Without the pictures, can you quote each line below exactly?

Dataset records
----------------------------------------
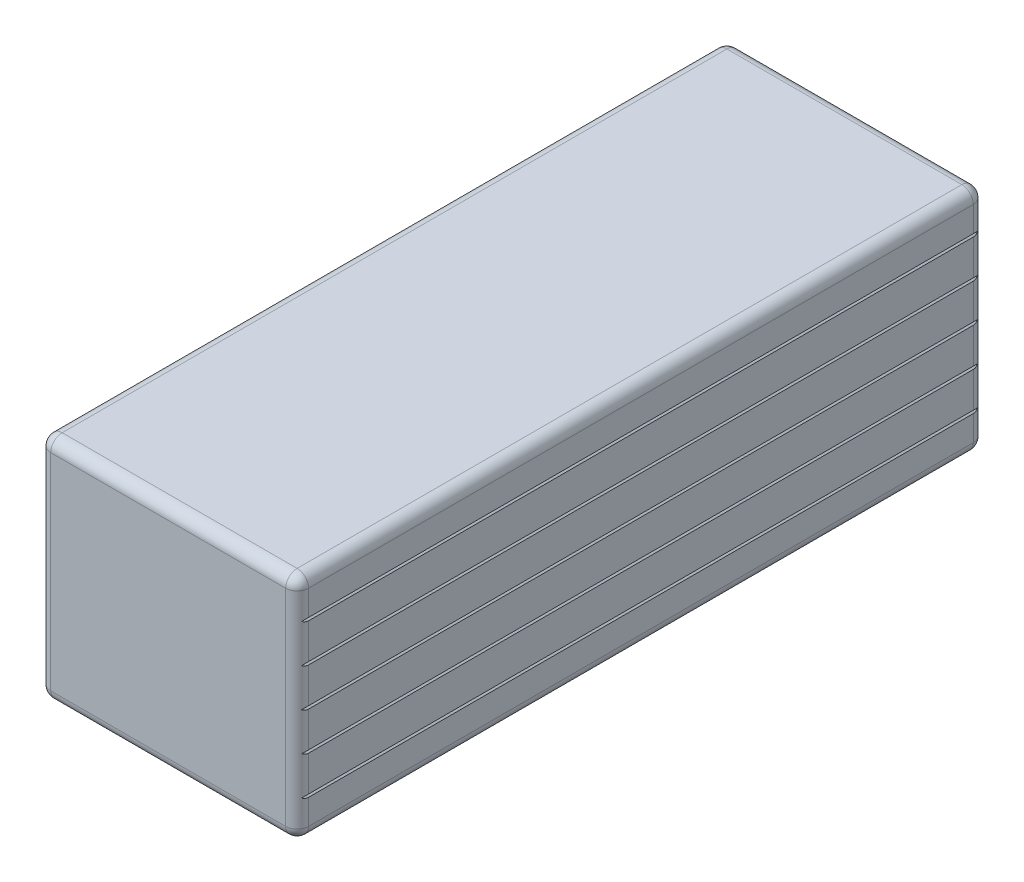
SolidWorks part; units mm, degrees
ref_plane "Front Plane" through (0, 0, 0) normal (0, 0, 1) x (1, 0, 0)
ref_plane "Top Plane" through (0, 0, 0) normal (0, 1, 0) x (1, 0, 0)
ref_plane "Right Plane" through (0, 0, 0) normal (1, 0, 0) x (0, 0, -1)
sketch "Sketch1" plane through (0, 0, 0) normal (0, 0, 1) x (1, 0, 0)
  line L1 (-22.5, 20) -> (22.5, 20)
  line L2 (-22.5, 20) -> (-22.5, -20)
  line L3 (-22.5, -20) -> (22.5, -20)
  line L4 (22.5, 20) -> (22.5, -20)
  dimension "D1" = 45
  dimension "D2" = 40
  dimension "D3" = 20
  dimension "D4" = 22.5
extrude "Boss-Extrude1" add sketch "Sketch1" against normal blind 120
fillet "Fillet1" radius 2 12 edges at (0, -20, -120) (-22.5, -20, -60) (-22.5, 0, -120) (-22.5, 20, -60) (0, 20, -120) (22.5, 20, -60) (22.5, 0, -120) (22.5, -20, -60) (0, 20, 0) (22.5, 0, 0) (0, -20, 0) (-22.5, 0, 0)
sketch "Sketch2" plane through (0, 0, 0) normal (0, 0, 1) x (1, 0, 0)
  line L0 (22.5, 13.58) -> (22.25, 13.33)
  line L1 (22.5, 18) -> (22.5, -18) construction
  line L2 (22.25, 13.33) -> (22.5, 13.08)
  line L3 (-20.5, 20) -> (20.5, 20) construction
  line L4 (22.5, 13.58) -> (22.5, 13.08)
  line L5 (-22.5, 13.58) -> (-22.25, 13.33)
  line L6 (-22.5, -18) -> (-22.5, 18) construction
  line L7 (-22.25, 13.33) -> (-22.5, 13.08)
  line L8 (-22.5, 13.08) -> (-22.5, 13.58)
  dimension "D1" = 0.5
  dimension "D2" = 6.67
  dimension "D3" = 0.5
  dimension "D4" = 6.67
extrude "Cut-Extrude1" cut sketch "Sketch2" against normal through all both and the other way through all
pattern_linear "LPattern1" count 5 spacing 6.67 along (0, -1, 0) of "Cut-Extrude1"
----------------------------------------
■ Answer for this exercise ■
SolidWorks part; units mm, degrees
ref_plane "Front Plane" through (0, 0, 0) normal (0, 0, 1) x (1, 0, 0)
ref_plane "Top Plane" through (0, 0, 0) normal (0, 1, 0) x (1, 0, 0)
ref_plane "Right Plane" through (0, 0, 0) normal (1, 0, 0) x (0, 0, -1)
sketch "Sketch1" plane through (0, 0, 0) normal (0, 0, 1) x (1, 0, 0)
  line L1 (-22.5, 20) -> (22.5, 20)
  line L2 (-22.5, 20) -> (-22.5, -20)
  line L3 (-22.5, -20) -> (22.5, -20)
  line L4 (22.5, 20) -> (22.5, -20)
  dimension "D1" = 45
  dimension "D2" = 40
  dimension "D3" = 20
  dimension "D4" = 22.5
extrude "Boss-Extrude1" add sketch "Sketch1" against normal blind 120
fillet "Fillet1" radius 2 12 edges at (0, -20, -120) (-22.5, -20, -60) (-22.5, 0, -120) (-22.5, 20, -60) (0, 20, -120) (22.5, 20, -60) (22.5, 0, -120) (22.5, -20, -60) (0, 20, 0) (22.5, 0, 0) (0, -20, 0) (-22.5, 0, 0)
sketch "Sketch2" plane through (0, 0, 0) normal (0, 0, 1) x (1, 0, 0)
  line L0 (22.5, 13.58) -> (22.25, 13.33)
  line L1 (22.5, 18) -> (22.5, -18) construction
  line L2 (22.25, 13.33) -> (22.5, 13.08)
  line L3 (-20.5, 20) -> (20.5, 20) construction
  line L4 (22.5, 13.58) -> (22.5, 13.08)
  line L5 (-22.5, 13.58) -> (-22.25, 13.33)
  line L6 (-22.5, -18) -> (-22.5, 18) construction
  line L7 (-22.25, 13.33) -> (-22.5, 13.08)
  line L8 (-22.5, 13.08) -> (-22.5, 13.58)
  dimension "D1" = 0.5
  dimension "D2" = 6.67
  dimension "D3" = 0.5
  dimension "D4" = 6.67
extrude "Cut-Extrude1" cut sketch "Sketch2" against normal through all both and the other way through all
pattern_linear "LPattern1" count 5 spacing 6.67 along (0, -1, 0) of "Cut-Extrude1"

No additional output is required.